How To Do Combinations In Graphing Calculator Ti83

Free online combination calculator and step-by-step guide for TI-83 users.

Combination Calculator (nCr)

Verify your TI-83 results instantly. Enter your total items and choices below.

What is How to Do Combinations in Graphing Calculator TI-83?

Understanding how to do combinations in graphing calculator TI-83 devices is an essential skill for students in statistics, algebra, and probability courses. A combination is a mathematical technique that determines the number of possible arrangements in a collection of items where the order of the selection does not matter. Unlike permutations, where order is crucial, combinations treat the selection {A, B, C} as identical to {C, B, A}.

The TI-83 graphing calculator, a staple in academic settings, has a built-in function to compute these instantly. However, knowing which buttons to press can be tricky without a guide. This resource explains the exact steps to access the nCr function, the underlying math, and how to verify your answers using the tool above.

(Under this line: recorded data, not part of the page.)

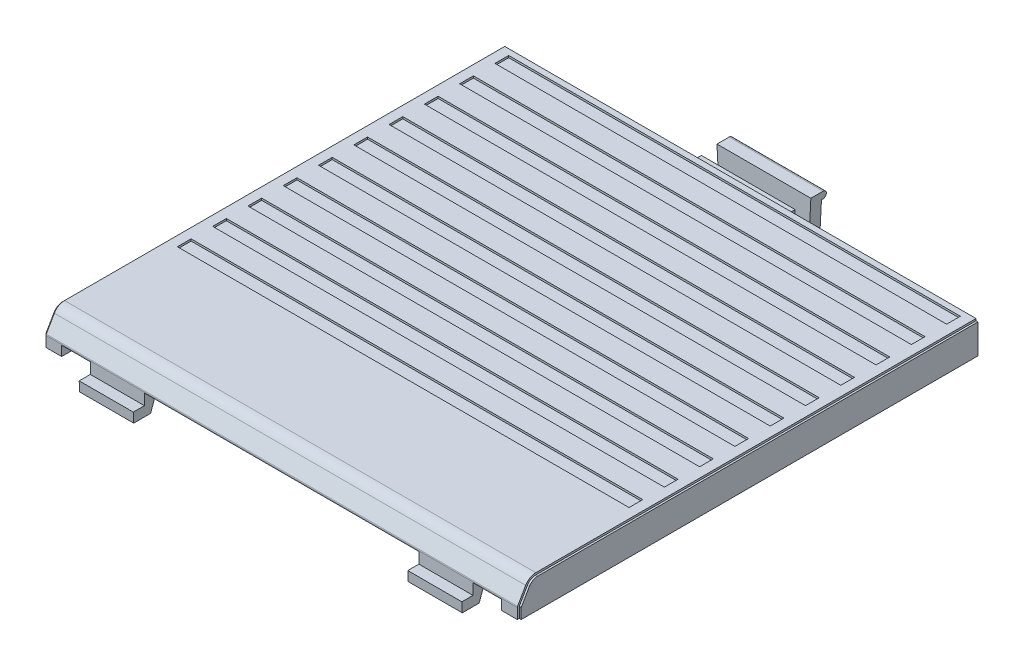
from build123d import *

# Parameters (mm, degrees)
SKETCH1_W           = 60.6
SKETCH1_H           = 58.5
BOSS_EXTRUDE1_DEPTH = 2
SKETCH2_W           = 56.1
SKETCH2_H           = 23.5
SKETCH2_H_2         = 14
CUT_EXTRUDE1_DEPTH  = 1.5
CUT_EXTRUDE2_REACH  = 67.912
SKETCH3_W           = 56.1
SKETCH3_H           = 1.25
BOSS_EXTRUDE2_START = 17.5
BOSS_EXTRUDE2_DEPTH = 6.9
BOSS_EXTRUDE3_DEPTH = 6
DRAFT1_START        = -35
DRAFT1_DEPTH        = 5.75
FILLET1_R           = 0.45
FILLET2_R           = 0.602786
FILLET3_R           = 1.418858
FILLET4_R           = 1
SKETCH6_W           = 57.6
SKETCH6_H           = 1.75
CUT_EXTRUDE3_DEPTH  = 0.25
CHAMFER1_START      = 25.032204955
CHAMFER1_OUTLINE_W  = 60.6
CHAMFER1_OUTLINE_H  = 3
CHAMFER1_DEPTH      = 1.967795045
FILLET5_START       = -31
FILLET5_DEPTH       = 62
FILLET6_R           = 0.25
CUT_SWEEP1_START    = -31
CUT_SWEEP1_DEPTH    = 0.95
CUT_SWEEP1_START_2  = 30.05
CUT_SWEEP1_2_DEPTH  = 0.95


with BuildPart() as part:
    # Sketch1 → Boss-Extrude1 (new, symmetric)
    with BuildSketch(Plane(origin=(0, 0, 0), x_dir=(1, 0, 0), z_dir=(0, 1, 0))):
        Rectangle(SKETCH1_W, SKETCH1_H)
    extrude(amount=BOSS_EXTRUDE1_DEPTH, both=True)

    # Sketch2 → Cut-Extrude1 (cut)
    with BuildSketch(Plane.XZ.offset(2)):
        Rectangle(SKETCH2_W, SKETCH2_H)
        with Locations((0, 20.25)):
            Rectangle(SKETCH2_W, SKETCH2_H_2)
        with Locations((0, -20.25)):
            Rectangle(SKETCH2_W, SKETCH2_H_2)
    extrude(amount=-CUT_EXTRUDE1_DEPTH, mode=Mode.SUBTRACT)

    # Sketch3 → Cut-Extrude2 (cut, up to next)
    with BuildSketch(Plane(origin=(0, 0, -29.25), x_dir=(-1, 0, 0), z_dir=(0, 0, -1)), mode=Mode.PRIVATE) as cut_extrude2_sk1:
        with Locations((0, -1.375)):
            Rectangle(SKETCH3_W, SKETCH3_H)
    cut_extrude2_tool1 = extrude(cut_extrude2_sk1.sketch, amount=-CUT_EXTRUDE2_REACH, mode=Mode.PRIVATE) & part.part
    cut_extrude2 = cut_extrude2_tool1.solids().sort_by_distance((0, -1.375, -29.25))[0]
    add(cut_extrude2, mode=Mode.SUBTRACT)

    # Mirror1: Cut-Extrude2 across plane
    add(cut_extrude2.mirror(Plane.XY), mode=Mode.SUBTRACT)

    # Boss-Extrude2: read off the stored shape, not the designer's step
    # Boss-Extrude2 outline → Boss-Extrude2 (add)
    with BuildSketch(Plane.YZ.offset(BOSS_EXTRUDE2_START)):
        Polygon((-0.75, 29.25), (-2.15, 29.25), (-2.15, 30.669097299), (-3.4, 30.614521121), (-3.4, 28.464521121), (-0.75, 27.5), align=None)
    boss_extrude2 = extrude(amount=BOSS_EXTRUDE2_DEPTH)

    # Sketch5 → Boss-Extrude3 (add, symmetric)
    with BuildSketch(Plane(origin=(0, 0, 0), x_dir=(0, 0, -1), z_dir=(1, 0, 0))):
        Polygon((29.25, 1.5), (30.25, 1.5), (30.25, -9.75), (31.357502325, -9.75), (32.25, -4.75), (32.25, 1.75), (34.25, 1.75), (34.25, 0.85), (33.65, 0.85), (33.65, -4.5), (32.024952176, -11.25), (29.524952176, -11.25), (29.25, -0.75), align=None)
    extrude(amount=BOSS_EXTRUDE3_DEPTH, both=True)

    # Draft1: read off the stored shape, not the designer's step
    # Draft1 outline → Draft1 (cut)
    with BuildSketch(Plane.XY.offset(DRAFT1_START)):
        Polygon((5.305596924, -11.25), (6, -11.25), (6, 1.75), (5.986898055, 1.75), align=None)
        Polygon((-6, -11.25), (-5.305596924, -11.25), (-5.986898055, 1.75), (-6, 1.75), align=None)
    extrude(amount=DRAFT1_DEPTH, mode=Mode.SUBTRACT)

    # Fillet1
    fillet1_edges = [part.edges().sort_by_distance(p)[0] for p in [
        (0, 0.85, -34.25),
        (0, 1.75, -34.25),
    ]]
    fillet(fillet1_edges, radius=FILLET1_R - 0.0001)  # a hair under: the kernel refuses the full size

    # Fillet2
    fillet2_edges = [part.edges().sort_by_distance(p)[0] for p in [
        (0, -9.75, -31.357502325),
        (0, -9.75, -30.25),
    ]]
    fillet(fillet2_edges, radius=FILLET2_R - 0.0001)  # a hair under: the kernel refuses the full size

    # Fillet3
    fillet3_edges = [part.edges().sort_by_distance(p)[0] for p in [
        (0, -11.25, -29.524952176),
        (0, -11.25, -32.024952176),
    ]]
    fillet(fillet3_edges, radius=FILLET3_R - 0.0001)  # a hair under: the kernel refuses the full size

    # Fillet4
    fillet4_edges = [part.edges().sort_by_distance(p)[0] for p in [
        (0, -0.75, -29.25),
    ]]
    fillet(fillet4_edges, radius=FILLET4_R)

    # Sketch6 → Cut-Extrude3 (cut)
    with BuildSketch(Plane(origin=(0, 2, 0), x_dir=(1, 0, 0), z_dir=(0, 1, 0))):
        with Locations((0, 27.625)):
            Rectangle(SKETCH6_W, SKETCH6_H)
        with Locations((0, 23.125)):
            Rectangle(SKETCH6_W, SKETCH6_H)
        with Locations((0, 18.625)):
            Rectangle(SKETCH6_W, SKETCH6_H)
        with Locations((0, 14.125)):
            Rectangle(SKETCH6_W, SKETCH6_H)
        with Locations((0, 9.625)):
            Rectangle(SKETCH6_W, SKETCH6_H)
        with Locations((0, 5.125)):
            Rectangle(SKETCH6_W, SKETCH6_H)
        with Locations((0, 0.625)):
            Rectangle(SKETCH6_W, SKETCH6_H)
        with Locations((0, -3.875)):
            Rectangle(SKETCH6_W, SKETCH6_H)
        with Locations((0, -8.375)):
            Rectangle(SKETCH6_W, SKETCH6_H)
        with Locations((0, -12.875)):
            Rectangle(SKETCH6_W, SKETCH6_H)
    extrude(amount=-CUT_EXTRUDE3_DEPTH, mode=Mode.SUBTRACT)

    # Chamfer1: read off the stored shape, not the designer's step
    # Chamfer1 outline → Chamfer1 (cut)
    with BuildSketch(Plane(origin=(0, 0, 0), x_dir=(1, 0, 0), z_dir=(0, 0.500000000000001, 0.866025403784438)).offset(CHAMFER1_START)):
        with Locations((0, -13.642949192)):
            Rectangle(CHAMFER1_OUTLINE_W, CHAMFER1_OUTLINE_H)
    extrude(amount=CHAMFER1_DEPTH, mode=Mode.SUBTRACT)

    # Fillet5: read off the stored shape, not the designer's step
    # Fillet5 outline → Fillet5 (cut)
    with BuildSketch(Plane.YZ.offset(FILLET5_START)):
        with BuildLine():
            ThreePointArc((1.25, 28.183012702), (1.799038106, 27.633974596), (2, 26.883974596))
            Line((2, 26.883974596), (2, 27.75))
            Line((2, 27.75), (1.25, 28.183012702))
        make_face()
    extrude(amount=FILLET5_DEPTH, mode=Mode.SUBTRACT)

    # Fillet6
    fillet6_edges = [part.edges().sort_by_distance(p)[0] for p in [
        (0, -0.598076211, 29.25),
    ]]
    fillet(fillet6_edges, radius=FILLET6_R)

    # Cut-Sweep1: read off the stored shape, not the designer's step
    # Cut-Sweep1 outline → Cut-Sweep1 (cut)
    with BuildSketch(Plane.YZ.offset(CUT_SWEEP1_START)):
        with BuildLine():
            ThreePointArc((1.125, 27.966506351), (1.582531755, 27.508974596), (1.75, 26.883974596))
            Line((1.75, 26.883974596), (1.75, -29.25))
            Line((1.75, -29.25), (2, -29.25))
            Line((2, -29.25), (2, 26.883974596))
            ThreePointArc((2, 26.883974596), (1.799038106, 27.633974596), (1.25, 28.183012702))
            Line((1.25, 28.183012702), (-0.540063509, 29.216506351))
            ThreePointArc((-0.540063509, 29.216506351), (-0.600358748, 29.241481457), (-0.665063509, 29.25))
            Line((-0.665063509, 29.25), (-2, 29.25))
            Line((-2, 29.25), (-2, 29))
            Line((-2, 29), (-0.665063509, 29))
            Line((-0.665063509, 29), (1.125, 27.966506351))
        make_face()
    extrude(amount=CUT_SWEEP1_DEPTH, mode=Mode.SUBTRACT)

    # Cut-Sweep1 2 outline → Cut-Sweep1 2 (cut)
    with BuildSketch(Plane.YZ.offset(CUT_SWEEP1_START_2)):
        with BuildLine():
            ThreePointArc((1.125, 27.966506351), (1.582531755, 27.508974596), (1.75, 26.883974596))
            Line((1.75, 26.883974596), (1.75, -29.25))
            Line((1.75, -29.25), (2, -29.25))
            Line((2, -29.25), (2, 26.883974596))
            ThreePointArc((2, 26.883974596), (1.799038106, 27.633974596), (1.25, 28.183012702))
            Line((1.25, 28.183012702), (-0.540063509, 29.216506351))
            ThreePointArc((-0.540063509, 29.216506351), (-0.600358748, 29.241481457), (-0.665063509, 29.25))
            Line((-0.665063509, 29.25), (-2, 29.25))
            Line((-2, 29.25), (-2, 29))
            Line((-2, 29), (-0.665063509, 29))
            Line((-0.665063509, 29), (1.125, 27.966506351))
        make_face()
    extrude(amount=CUT_SWEEP1_2_DEPTH, mode=Mode.SUBTRACT)

    # Mirror2: Boss-Extrude2 across plane
    add(boss_extrude2.mirror(Plane(origin=(0, 0, 0), x_dir=(0, 0, 1), z_dir=(1, 0, 0))))


solid = part.part

The Combination Formula and Explanation

Before diving into the calculator keys, it is vital to understand the formula your TI-83 is executing. The formula for combinations is:

C(n, r) = n! / (r! × (n – r)!)

Here is a breakdown of the variables involved:

Variable	Meaning	Unit/Type	Typical Range
n	The total number of items in the set.	Integer (Unitless)	0 to 69 (TI-83 limit)
r	The number of items to be chosen.	Integer (Unitless)	0 to n
!	Factorial (product of all positive integers up to that number).	Operator	N/A

Table 1: Variables used in the combination formula.

Practical Examples

Let's look at two realistic examples to see how this works in practice.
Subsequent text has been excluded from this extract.